"Pak, kami menemukan lokasi Nona Liora. Tidak begitu jauh dari tempat ini. Kita bisa sampai dalam sepuluh menit." Tanpa berkata apa -apa lagi, Radith langsung pergi ke mobilnya dan mengikuti mobil yang ada di depannya. Tak butuh waktu lama, mereka sampai di sebuah rumah kecil namun tampak nyaman. Mungkin menjadi rumah Impian bagi mereka yang suka tinggal di pusat kota.
"Kalian yakin di sini tempatnya? Kalian tahu kan apa Konsekuensinya jika penghuni rumah ini bukan Lira?" tanya Radith dengan nada dinginnya. Mereka saling berpandangan dan meneguk ludahnya, mereka juga tak yakin, namun menurut informasi yang mereka dapat, memang di sinilah tempatnya.
Radith tak menunggu jawaban mereka, lelaki itu langsung mendekat ke pintu dan mengetuknya. Lalu keluarlah seorang wanita dari rumah itu, membuat Radith dan wanita itu sama sama terkejut, namun Radith berhasil mengontrol kembali ekspresinya. Apakah benar Lira ada di tempat ini? Tapi siapa wanita ini? Dia bahkan tak pernah tahu Lira memiliki kerabat.
"May I help you?" tanya wanita itu yang membuat Radith tersadar dari lamunannya dan menyampaikan maksud kedatangannya ke tempat ini. Orang itu tampak terkejut, Radith tahu itu, namun dia berusaha menyembunyikan ekspresinya dan menyangkal pertanyaan Radith. Hal ini membuat Radith makin yakin bahwa Lira memang ada di tempat ini.

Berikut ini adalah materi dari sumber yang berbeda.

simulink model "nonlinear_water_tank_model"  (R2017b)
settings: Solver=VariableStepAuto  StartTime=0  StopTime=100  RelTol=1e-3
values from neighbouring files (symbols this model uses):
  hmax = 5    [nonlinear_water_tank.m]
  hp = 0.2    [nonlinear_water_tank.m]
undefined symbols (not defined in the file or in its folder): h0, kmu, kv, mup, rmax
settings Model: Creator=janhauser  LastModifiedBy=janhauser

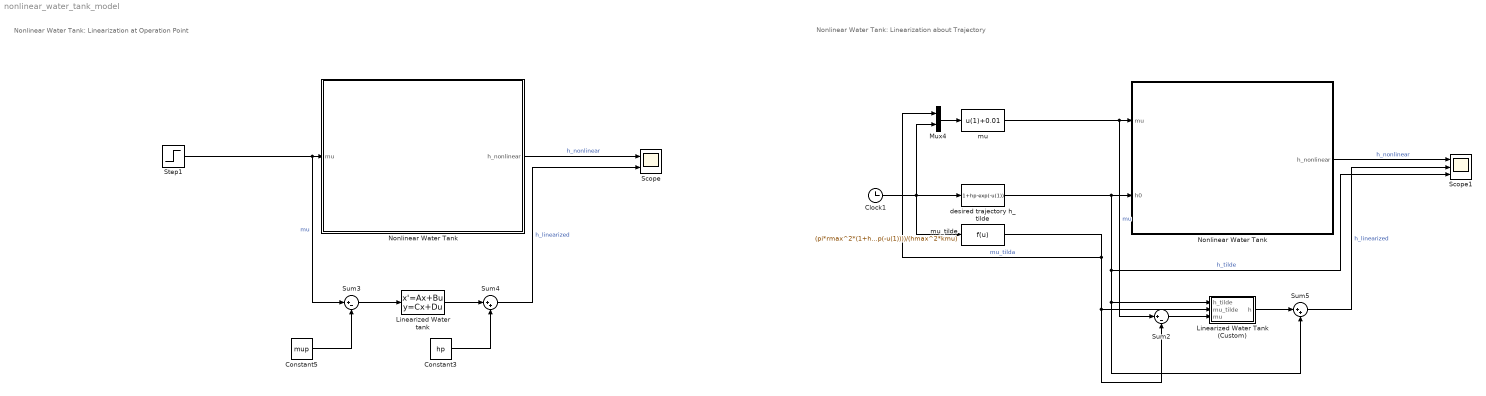
== system nonlinear_water_tank_model ==
  note: Nonlinear Water Tank: Linearization about Trajectory
  note: Nonlinear Water Tank: Linearization at Operation Point
  Clock1 : Clock
  Constant3 : Constant  Value=hp
  Constant5 : Constant  Value=mup
  "Linearized Water Tank (Custom) " : Subsystem
      mask Display: image('/Users/janhauser/Desktop/Screenshot 2019-02-06 at 16.05.31.png');
  Linearized Water tank : StateSpace  A=(- 5/(8*hp^(5/2)*pi) - (20*mup - 5*hp^(1/2))/(2*hp^3*pi))  B=5/(hp^2*pi)  D=0  InitialCondition=0
  Mux4 : Mux  Inputs=2
  Nonlinear Water Tank : Subsystem
      mask Display: image('/Users/janhauser/Desktop/Screenshot 2019-02-05 at 13.33.04.png');
  "Nonlinear Water Tank " : Subsystem
      mask Display: image('/Users/janhauser/Desktop/Screenshot 2019-02-05 at 13.33.04.png');
  Scope : Scope  NumInputPorts=2
  Scope1 : Scope  NumInputPorts=3
  Step1 : Step  Time=0  After=mup+0.01  SampleTime=0
  Sum2 : Sum  Inputs=|+-
  Sum3 : Sum  Inputs=|+-
  Sum4 : Sum  Inputs=|++
  Sum5 : Sum  Inputs=|++
  desired trajectory h_tilde : Fcn  Expr=1+hp-exp(-u(1))
  mu : Fcn  Expr=u(1)+0.01
  mu_tilde : Fcn  Expr=(pi*rmax^2*(1+hp-exp(-u(1)))^2*exp(-u(1))+hmax^2*kv*sqrt(1+hp-exp(-u(1))))/(hmax^2*kmu)
  wires:
  Nonlinear Water Tank/1(h_nonlinear) -> Scope/1  "h_nonlinear"
  Step1/1 -> Sum3/1, Nonlinear Water Tank/1(mu)  "mu"
  Constant3/1 -> Sum4/2
  Constant5/1 -> Sum3/2
  Sum3/1 -> Linearized Water tank/1
  Linearized Water tank/1 -> Sum4/1
  Sum4/1 -> Scope/2  "h_linearized"
  desired trajectory h_tilde/1 -> Sum5/2, "Linearized Water Tank (Custom) "/1(h_tilde), Scope1/3, "Nonlinear Water Tank "/2("h0 ")  "h_tilde"
  "Nonlinear Water Tank "/1(h_nonlinear) -> Scope1/1  "h_nonlinear"
  mu_tilde/1 -> Sum2/2, "Linearized Water Tank (Custom) "/2(mu_tilde), Mux4/1  "mu_tilda"
  Sum5/1 -> Scope1/2  "h_linearized"
  mu/1 -> Sum2/1, "Nonlinear Water Tank "/1(mu)  "mu"
  Sum2/1 -> "Linearized Water Tank (Custom) "/3(mu)
  "Linearized Water Tank (Custom) "/1(h) -> Sum5/1
  Clock1/1 -> mu_tilde/1, Mux4/2, desired trajectory h_tilde/1
  Mux4/1 -> mu/1

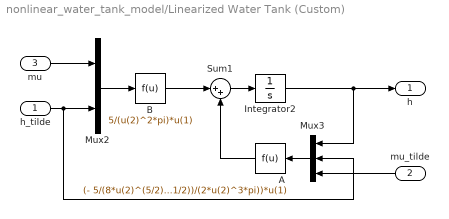
== system nonlinear_water_tank_model/Linearized Water Tank (Custom)  ==
  h_tilde : Inport
  mu_tilde : Inport  Port=2
  mu : Inport  Port=3
  A : Fcn  Expr=(- 5/(8*u(2)^(5/2)*pi) - (20*u(3) - 5*u(2)^(1/2))/(2*u(2)^3*pi))*u(1)
  B : Fcn  Expr=5/(u(2)^2*pi)*u(1)
  Integrator2 : Integrator
  Mux2 : Mux  Inputs=2
  Mux3 : Mux  Inputs=3
  Sum1 : Sum  Inputs=|++
  h : Outport
  wires:
  h_tilde/1 -> Mux2/2, Mux3/2
  mu_tilde/1 -> Mux3/3
  A/1 -> Sum1/2
  Mux3/1 -> A/1
  mu/1 -> Mux2/1
  Mux2/1 -> B/1
  Integrator2/1 -> Mux3/1, h/1
  B/1 -> Sum1/1
  Sum1/1 -> Integrator2/1

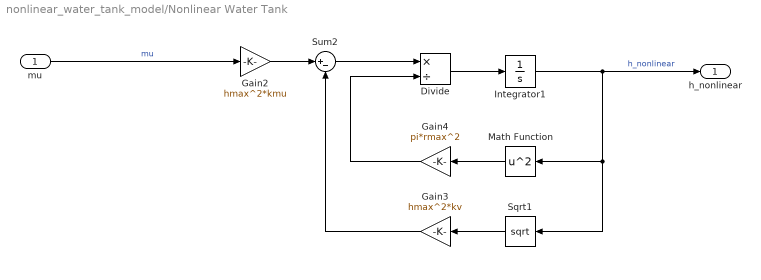
== system nonlinear_water_tank_model/Nonlinear Water Tank ==
  mu : Inport
  Divide : Product  Inputs=*/
  Gain2 : Gain  Gain=hmax^2*kmu
  Gain3 : Gain  Gain=hmax^2*kv
  Gain4 : Gain  Gain=pi*rmax^2
  Integrator1 : Integrator  InitialCondition=hp
  Math Function : Math  Operator=square  SaturateOnIntegerOverflow=on
  Sqrt1 : Sqrt  SaturateOnIntegerOverflow=on
  Sum2 : Sum  Inputs=|+-
  h_nonlinear : Outport
  wires:
  Sum2/1 -> Divide/1
  Gain3/1 -> Sum2/2
  Gain4/1 -> Divide/2
  Math Function/1 -> Gain4/1
  Divide/1 -> Integrator1/1
  Sqrt1/1 -> Gain3/1
  Integrator1/1 -> Math Function/1, Sqrt1/1, h_nonlinear/1  "h_nonlinear"
  Gain2/1 -> Sum2/1
  mu/1 -> Gain2/1  "mu"

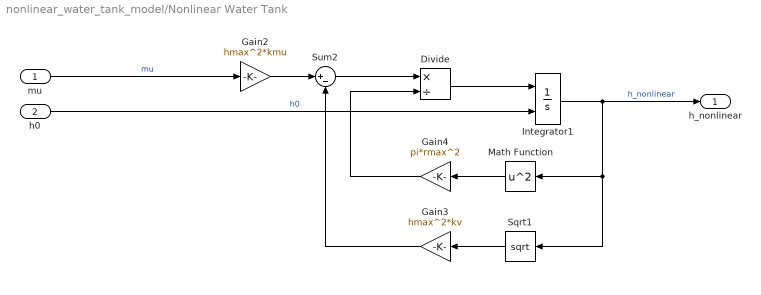
== system nonlinear_water_tank_model/Nonlinear Water Tank  ==
  mu : Inport
  "h0 " : Inport  Port=2
  Divide : Product  Inputs=*/
  Gain2 : Gain  Gain=hmax^2*kmu
  Gain3 : Gain  Gain=hmax^2*kv
  Gain4 : Gain  Gain=pi*rmax^2
  Integrator1 : Integrator  InitialConditionSource=external  InitialCondition=h0
  Math Function : Math  Operator=square  SaturateOnIntegerOverflow=on
  Sqrt1 : Sqrt  SaturateOnIntegerOverflow=on
  Sum2 : Sum  Inputs=|+-
  h_nonlinear : Outport
  wires:
  Sum2/1 -> Divide/1
  Gain3/1 -> Sum2/2
  Gain4/1 -> Divide/2
  Math Function/1 -> Gain4/1
  Divide/1 -> Integrator1/1
  Sqrt1/1 -> Gain3/1
  Integrator1/1 -> Math Function/1, Sqrt1/1, h_nonlinear/1  "h_nonlinear"
  Gain2/1 -> Sum2/1
  mu/1 -> Gain2/1  "mu"
  "h0 "/1 -> Integrator1/2  "h0"

"Calm down, I know Him. Could you give me a time to talk with him, please?" Tanya Lira yang membuat Wanita itu khawatir. Namun Wanita itu menganggukan kepalanya dan meninggalkan Lira bersama Radith. Lelaki itu memandang Lira dengan wajah datarnya, dia mendekat, namun Lira seperti takut dan memundurkan langkahnya.
"Kenapa Lo tiba - tiba takut sama Gue? Kenapa Lo tiba - tiba pergi dan kenapa Lo gak kasih tahu apapun tentang kepergian Lo?" tanya Radith beruntun, namun tak dijawab oleh Lira sama sekali. Lelaki itu menghela napasnya karna frustasi, dia tak pernah menghadapi gadis seperti Lira, rasanya jauh lebih sulit dari Luna.
"Kenapa Lo melakukan hal yang sia - sia? Lo tahu kan bahkan kalau Lo pergi ke kutub Utara, Gue bakal temukan Lo dan bawa Lo pulang. Kenapa Lo harus pergi? Jawab pertanyaan Gue," ujar Radith yang membuat Lira memberanikan diri untuk menyorot langsung ke arah mata lelaki itu.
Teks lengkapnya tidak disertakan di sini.